Beispiel der aufbereitete Daten:


Unnamed: 0,community_name,inhabitants,area_km2,inhabitants_per_km2,district_until_2007,district_from_2008,image_links
0,Aclens,557,390,143,Morges,Morges,https://upload.wikimedia.org/wikipedia/commons...
1,Agiez,379,546,69,Orbe,Jura-Nord vaudois,https://upload.wikimedia.org/wikipedia/commons...
2,Aigle,10913,1641,665,Aigle,Aigle,https://upload.wikimedia.org/wikipedia/commons...
3,Allaman,424,260,163,Rolle,Morges,https://upload.wikimedia.org/wikipedia/commons...
4,Arnex-sur-Nyon,243,204,119,Nyon,Nyon,https://upload.wikimedia.org/wikipedia/commons...
...,...,...,...,...,...,...,...
295,Vully-les-Lacs,3528,2092,169,Avenches,Broye-Vully,https://upload.wikimedia.org/wikipedia/commons...
296,Yens,1511,951,159,Morges,Morges,https://upload.wikimedia.org/wikipedia/commons...
297,Yverdon-les-Bains,29827,1354,2203,Yverdon,Jura-Nord vaudois,https://upload.wikimedia.org/wikipedia/commons...
298,Yvonand,3529,1340,263,Yverdon,Jura-Nord vaudois,https://upload.wikimedia.org/wikipedia/commons...

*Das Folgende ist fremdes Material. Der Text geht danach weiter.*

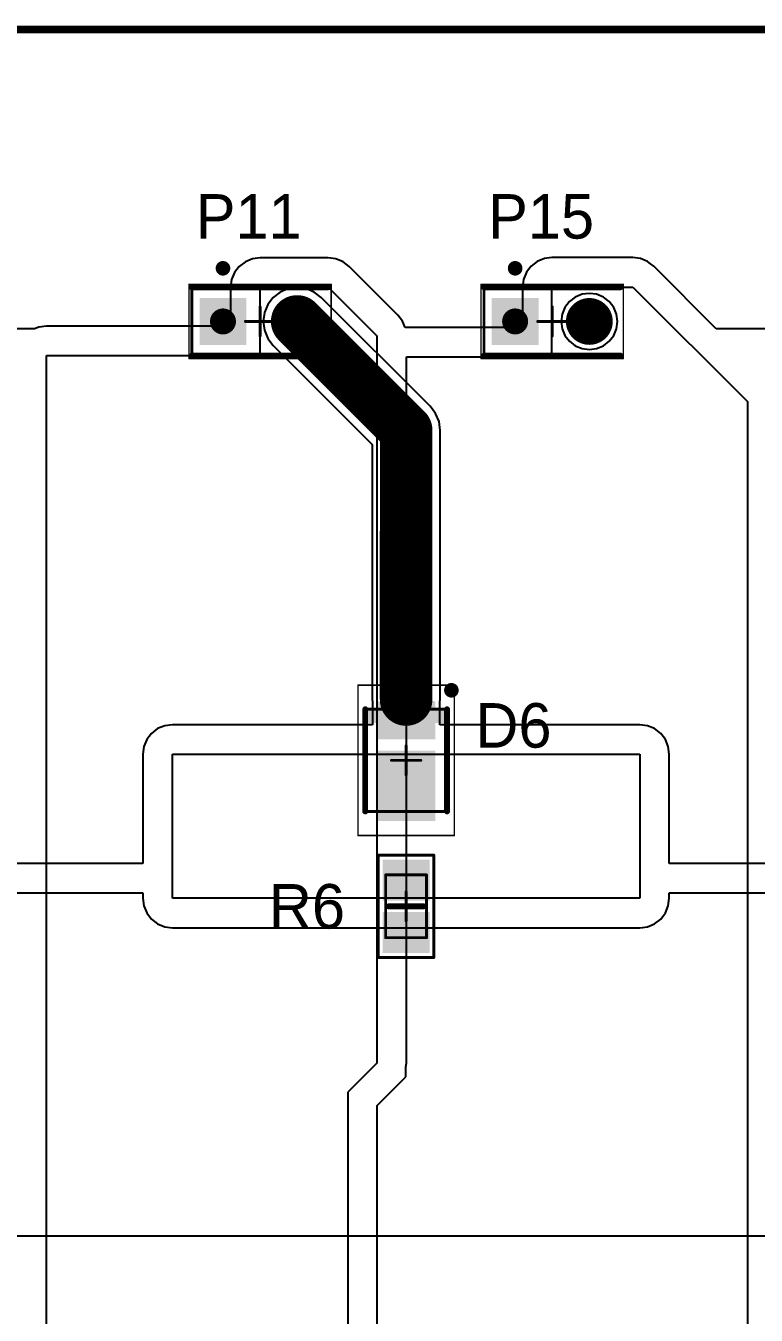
# Model space of a CAD drawing. Header units: millimetres. Extents: x -0.01 to 7.88, y -0.01 to 7.88.
# Drawn here: x 5.393 to 6.377, y 6.14 to 7.879 of the extents above; entities that cross this region are included whole.
import ezdxf

# ---------------------------------------------------------------- set-up
doc = ezdxf.new("R2010")
doc.units = ezdxf.units.MM
doc.header["$MEASUREMENT"] = 0
for name, color, linetype in [('BottomLayer', 5, 'Continuous'), ('BottomSolder', 6, 'Continuous'), ('Mechanical13', 56, 'Continuous'), ('Mechanical15', 56, 'Continuous'), ('Mechanical2', 216, 'Continuous'), ('MultiLayer', 9, 'Continuous'), ('PadHoleLayer', 156, 'Continuous'), ('TopLayer', 1, 'Continuous'), ('TopOverlay', 2, 'Continuous'), ('TopPaste', 8, 'Continuous'), ('TopSolder', 216, 'Continuous')]:
    doc.layers.add(name, color=color, linetype=linetype)

# ---------------------------------------------------------------- blocks, each defined once
blk = doc.blocks.new('6_0805_N_39')
at = {"layer": 'Mechanical13', "const_width": 0.003937}
for points in [[(-0.0423228, 0.0275592), (0.0423229, 0.0275592)], [(-0.0423228, 0.0275592), (-0.0423228, -0.0275589)], [(0.0423229, 0.0275592), (0.0423229, -0.0275589)], [(-0.0423228, -0.0275589), (0.0423229, -0.0275589)]]:
    blk.add_lwpolyline(points, dxfattribs=at)
at = {"layer": 'Mechanical13', "const_width": 0.0019685}
for points in [[(-0.043307, 0.0275592, 1), (-0.0413386, 0.0275592, 1)], [(-0.043307, 0.0275592, 1), (-0.0413386, 0.0275592, 1)], [(0.0413387, 0.0275592, 1), (0.0433071, 0.0275592, 1)], [(0.0413387, 0.0275592, 1), (0.0433071, 0.0275592, 1)], [(-0.043307, -0.0275589, 1), (-0.0413386, -0.0275589, 1)], [(-0.043307, -0.0275589, 1), (-0.0413386, -0.0275589, 1)], [(0.0413387, -0.0275589, 1), (0.0433071, -0.0275589, 1)], [(0.0413387, -0.0275589, 1), (0.0433071, -0.0275589, 1)]]:
    blk.add_lwpolyline(points, format="xyb", close=True, dxfattribs=at)
at = {"layer": 'Mechanical15', "const_width": 0.003937}
for points in [[(-0.0688976, 0.0374017), (0.0688977, 0.0374017)], [(-0.0688976, 0.0374017), (-0.0688976, -0.0374014)], [(0.0688977, 0.0374017), (0.0688977, -0.0374014)], [(1e-07, 0.0196852), (1e-07, -0.0196849)], [(-0.019685, 1e-07), (0.0196851, 1e-07)], [(-0.0688976, -0.0374014), (0.0688977, -0.0374014)]]:
    blk.add_lwpolyline(points, dxfattribs=at)
at = {"layer": 'Mechanical15', "const_width": 0.0019685}
for points in [[(-0.0698818, 0.0374017, 1), (-0.0679134, 0.0374017, 1)], [(-0.0698818, 0.0374017, 1), (-0.0679134, 0.0374017, 1)], [(0.0679135, 0.0374017, 1), (0.0698819, 0.0374017, 1)], [(0.0679135, 0.0374017, 1), (0.0698819, 0.0374017, 1)], [(-0.0009841, 0.0196852, 1), (0.0009843, 0.0196852, 1)], [(-0.0206692, 1e-07, 1), (-0.0187008, 1e-07, 1)], [(0.0187009, 1e-07, 1), (0.0206693, 1e-07, 1)], [(-0.0009841, -0.0196849, 1), (0.0009843, -0.0196849, 1)], [(-0.0698818, -0.0374014, 1), (-0.0679134, -0.0374014, 1)], [(-0.0698818, -0.0374014, 1), (-0.0679134, -0.0374014, 1)], [(0.0679135, -0.0374014, 1), (0.0698819, -0.0374014, 1)], [(0.0679135, -0.0374014, 1), (0.0698819, -0.0374014, 1)]]:
    blk.add_lwpolyline(points, format="xyb", close=True, dxfattribs=at)
at = {"layer": 'TopLayer'}
for points in [[(-0.011811, -0.0275589), (-0.011811, 0.0275591), (-0.059055, -0.0275589), (-0.059055, 0.0275591)], [(0.0590551, -0.0275589), (0.0590551, 0.0275591), (0.0118111, -0.0275589), (0.0118111, 0.0275591)]]:
    blk.add_solid(points, dxfattribs=at)
at = {"layer": 'TopOverlay', "const_width": 0.007874}
blk.add_lwpolyline([(0, 0.023622), (0, -0.023622)], dxfattribs=at)
at = {"layer": 'TopOverlay', "const_width": 0.003937}
for points in [[(-0.0019685, 0.023622, 1), (0.0019685, 0.023622, 1)], [(-0.0019685, -0.023622, 1), (0.0019685, -0.023622, 1)]]:
    blk.add_lwpolyline(points, format="xyb", close=True, dxfattribs=at)
at = {"layer": 'TopPaste'}
for points in [[(-0.011811, -0.0275589), (-0.011811, 0.0275591), (-0.059055, -0.0275589), (-0.059055, 0.0275591)], [(0.0590551, -0.0275589), (0.0590551, 0.0275591), (0.0118111, -0.0275589), (0.0118111, 0.0275591)]]:
    blk.add_solid(points, dxfattribs=at)
at = {"layer": 'TopSolder'}
for points in [[(-0.007811, -0.0315589), (-0.007811, 0.0315591), (-0.063055, -0.0315589), (-0.063055, 0.0315591)], [(0.0630551, -0.0315589), (0.0630551, 0.0315591), (0.0078111, -0.0315589), (0.0078111, 0.0315591)]]:
    blk.add_solid(points, dxfattribs=at)
blk = doc.blocks.new('TECO_5_146280_2_V_48')
at = {"layer": 'BottomLayer', "const_width": 0.027559}
blk.add_lwpolyline([(0.0362205, 0, 1), (0.0637795, 0, 1)], format="xyb", close=True, dxfattribs=at)
at = {"layer": 'BottomLayer'}
blk.add_solid([(-0.077559, -0.027559), (-0.022441, -0.027559), (-0.077559, 0.027559), (-0.022441, 0.027559)], dxfattribs=at)
at = {"layer": 'BottomSolder', "const_width": 0.031559}
blk.add_lwpolyline([(0.0342205, 0, 1), (0.0657795, 0, 1)], format="xyb", close=True, dxfattribs=at)
at = {"layer": 'BottomSolder'}
blk.add_solid([(-0.081559, -0.031559), (-0.018441, -0.031559), (-0.081559, 0.031559), (-0.018441, 0.031559)], dxfattribs=at)
at = {"layer": 'Mechanical13', "const_width": 0.003937}
for points in [[(-0.0919291, -0.046063), (-0.0919291, 0.046063)], [(-0.0919291, 0.046063), (0.0919291, 0.046063)], [(-0.0919291, -0.046063), (0.0919291, -0.046063)]]:
    blk.add_lwpolyline(points, dxfattribs=at)
at = {"layer": 'Mechanical13', "const_width": 0.0019685}
for points in [[(-0.0929133, 0.046063, 1), (-0.0909449, 0.046063, 1)], [(-0.0929133, 0.046063, 1), (-0.0909449, 0.046063, 1)], [(0.0909449, 0.046063, 1), (0.0929133, 0.046063, 1)], [(-0.0929133, -0.046063, 1), (-0.0909449, -0.046063, 1)], [(-0.0929133, -0.046063, 1), (-0.0909449, -0.046063, 1)], [(0.0909449, -0.046063, 1), (0.0929133, -0.046063, 1)]]:
    blk.add_lwpolyline(points, format="xyb", close=True, dxfattribs=at)
at = {"layer": 'Mechanical15'}
for points, const_width in [([(-0.0958661, -0.05), (-0.0958661, 0.05)], 0.0019685), ([(-0.0958661, 0.05), (0.0958661, 0.05)], 0.0019685), ([(0.0958661, -0.05), (0.0958661, 0.05)], 0.0019685), ([(0, -0.019685), (0, 0.019685)], 0.003937), ([(-0.019685, 0), (0.019685, 0)], 0.003937), ([(-0.0958661, -0.05), (0.0958661, -0.05)], 0.0019685)]:
    blk.add_lwpolyline(points, dxfattribs=dict(at, const_width=const_width))
for points, const_width in [([(-0.0963582, 0.05, 1), (-0.095374, 0.05, 1)], 0.0009842), ([(-0.0963582, 0.05, 1), (-0.095374, 0.05, 1)], 0.0009842), ([(0.095374, 0.05, 1), (0.0963582, 0.05, 1)], 0.0009842), ([(0.095374, 0.05, 1), (0.0963582, 0.05, 1)], 0.0009842), ([(-0.0009842, 0.019685, 1), (0.0009842, 0.019685, 1)], 0.0019685), ([(-0.0206692, 0, 1), (-0.0187008, 0, 1)], 0.0019685), ([(0.0187008, 0, 1), (0.0206692, 0, 1)], 0.0019685), ([(-0.0009842, -0.019685, 1), (0.0009842, -0.019685, 1)], 0.0019685), ([(-0.0963582, -0.05, 1), (-0.095374, -0.05, 1)], 0.0009842), ([(-0.0963582, -0.05, 1), (-0.095374, -0.05, 1)], 0.0009842), ([(0.095374, -0.05, 1), (0.0963582, -0.05, 1)], 0.0009842), ([(0.095374, -0.05, 1), (0.0963582, -0.05, 1)], 0.0009842)]:
    blk.add_lwpolyline(points, format="xyb", close=True, dxfattribs=dict(at, const_width=const_width))
at = {"layer": 'MultiLayer', "const_width": 0.027559}
blk.add_lwpolyline([(0.0362205, 0, 1), (0.0637795, 0, 1)], format="xyb", close=True, dxfattribs=at)
at = {"layer": 'MultiLayer'}
blk.add_solid([(-0.077559, -0.027559), (-0.022441, -0.027559), (-0.077559, 0.027559), (-0.022441, 0.027559)], dxfattribs=at)
at = {"layer": 'PadHoleLayer', "const_width": 0.0175197}
for points in [[(-0.0587598, 0, 1), (-0.0412402, 0, 1)], [(0.0412402, 0, 1), (0.0587598, 0, 1)]]:
    blk.add_lwpolyline(points, format="xyb", close=True, dxfattribs=at)
at = {"layer": 'TopLayer', "const_width": 0.027559}
blk.add_lwpolyline([(0.0362205, 0, 1), (0.0637795, 0, 1)], format="xyb", close=True, dxfattribs=at)
at = {"layer": 'TopLayer'}
blk.add_solid([(-0.077559, -0.027559), (-0.022441, -0.027559), (-0.077559, 0.027559), (-0.022441, 0.027559)], dxfattribs=at)
at = {"layer": 'TopOverlay'}
for points, const_width in [([(-0.0450787, 0.0716535, 1), (-0.0549213, 0.0716535, 1)], 0.0098425), ([(-0.0573819, 0.0716535, 1), (-0.0524607, 0.0716535, 1)], 0.0049212), ([(-0.0475393, 0.0716535, 1), (-0.0426181, 0.0716535, 1)], 0.0049212), ([(-0.0938976, 0.046063, 1), (-0.0899606, 0.046063, 1)], 0.003937), ([(0.0899606, 0.046063, 1), (0.0938976, 0.046063, 1)], 0.003937), ([(-0.0938976, -0.046063, 1), (-0.0899606, -0.046063, 1)], 0.003937), ([(0.0899606, -0.046063, 1), (0.0938976, -0.046063, 1)], 0.003937)]:
    blk.add_lwpolyline(points, format="xyb", close=True, dxfattribs=dict(at, const_width=const_width))
at = {"layer": 'TopOverlay', "const_width": 0.007874}
for points in [[(-0.0919291, 0.046063), (0.0919291, 0.046063)], [(-0.0919291, -0.046063), (0.0919291, -0.046063)]]:
    blk.add_lwpolyline(points, dxfattribs=at)
at = {"layer": 'TopSolder', "const_width": 0.031559}
blk.add_lwpolyline([(0.0342205, 0, 1), (0.0657795, 0, 1)], format="xyb", close=True, dxfattribs=at)
at = {"layer": 'TopSolder'}
blk.add_solid([(-0.081559, -0.031559), (-0.018441, -0.031559), (-0.081559, 0.031559), (-0.018441, 0.031559)], dxfattribs=at)
blk = doc.blocks.new('TECO_5_146280_2_V_52')
at = {"layer": 'BottomLayer', "const_width": 0.027559}
blk.add_lwpolyline([(0.0362205, 0, 1), (0.0637795, 0, 1)], format="xyb", close=True, dxfattribs=at)
at = {"layer": 'BottomLayer'}
blk.add_solid([(-0.077559, -0.027559), (-0.022441, -0.027559), (-0.077559, 0.027559), (-0.022441, 0.027559)], dxfattribs=at)
at = {"layer": 'BottomSolder', "const_width": 0.031559}
blk.add_lwpolyline([(0.0342205, 0, 1), (0.0657795, 0, 1)], format="xyb", close=True, dxfattribs=at)
at = {"layer": 'BottomSolder'}
blk.add_solid([(-0.081559, -0.031559), (-0.018441, -0.031559), (-0.081559, 0.031559), (-0.018441, 0.031559)], dxfattribs=at)
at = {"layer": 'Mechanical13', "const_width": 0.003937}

## Calculate first criteria

Anzahl Bindestriche im Gemeindenamen:
Besitzt die Gemeinde genau einen Bindestrich, erhält sie 100 Punkte, ansonsten 0 Punkte.

In [3]:
df_communities['criteria1'] = df_communities['community_name'].str.count('-').apply(lambda x: 100 if x == 1 else 0)

## Calculate second criteria

Grünanteil im Gemeindewappen:
Wie viel Prozent des Gemeindewappens ist grün? Die Prozentzahl wird als Punkte vergeben.

Die Bilder werden von Wikipedia heruntergeladen und mit OpenCV analysiert. Dabei wird geschaut, wie viele Prozent der Pixel grün sind, also HEX Werte zwischen #00ff00 und #008000 besitzen. Die Ergebnisse wurden manuell überprüft. Dabei wurden stichprobenartig Wappen von Wikipedia (Gemeindeliste Waadt) mit der berechneten prozentualen Grünfläche verglichen und jeweils geschaut, ob die Berechnung plausibel ist.

Die Ausführung dieser Analyse dauert je nach Internetverbindung und Rechenleistung des Computers einige Minuten.

In [4]:
headers = {'User-Agent': 'data wrangling school project (seya.schmassmann@students.fhnw.ch)'}

def get_percentage_of_green_in_image(image_url):
    # download the image - define the user agent header, since Wikipedia blocks requests without a user agent
    response = requests.get(image_url, headers=headers)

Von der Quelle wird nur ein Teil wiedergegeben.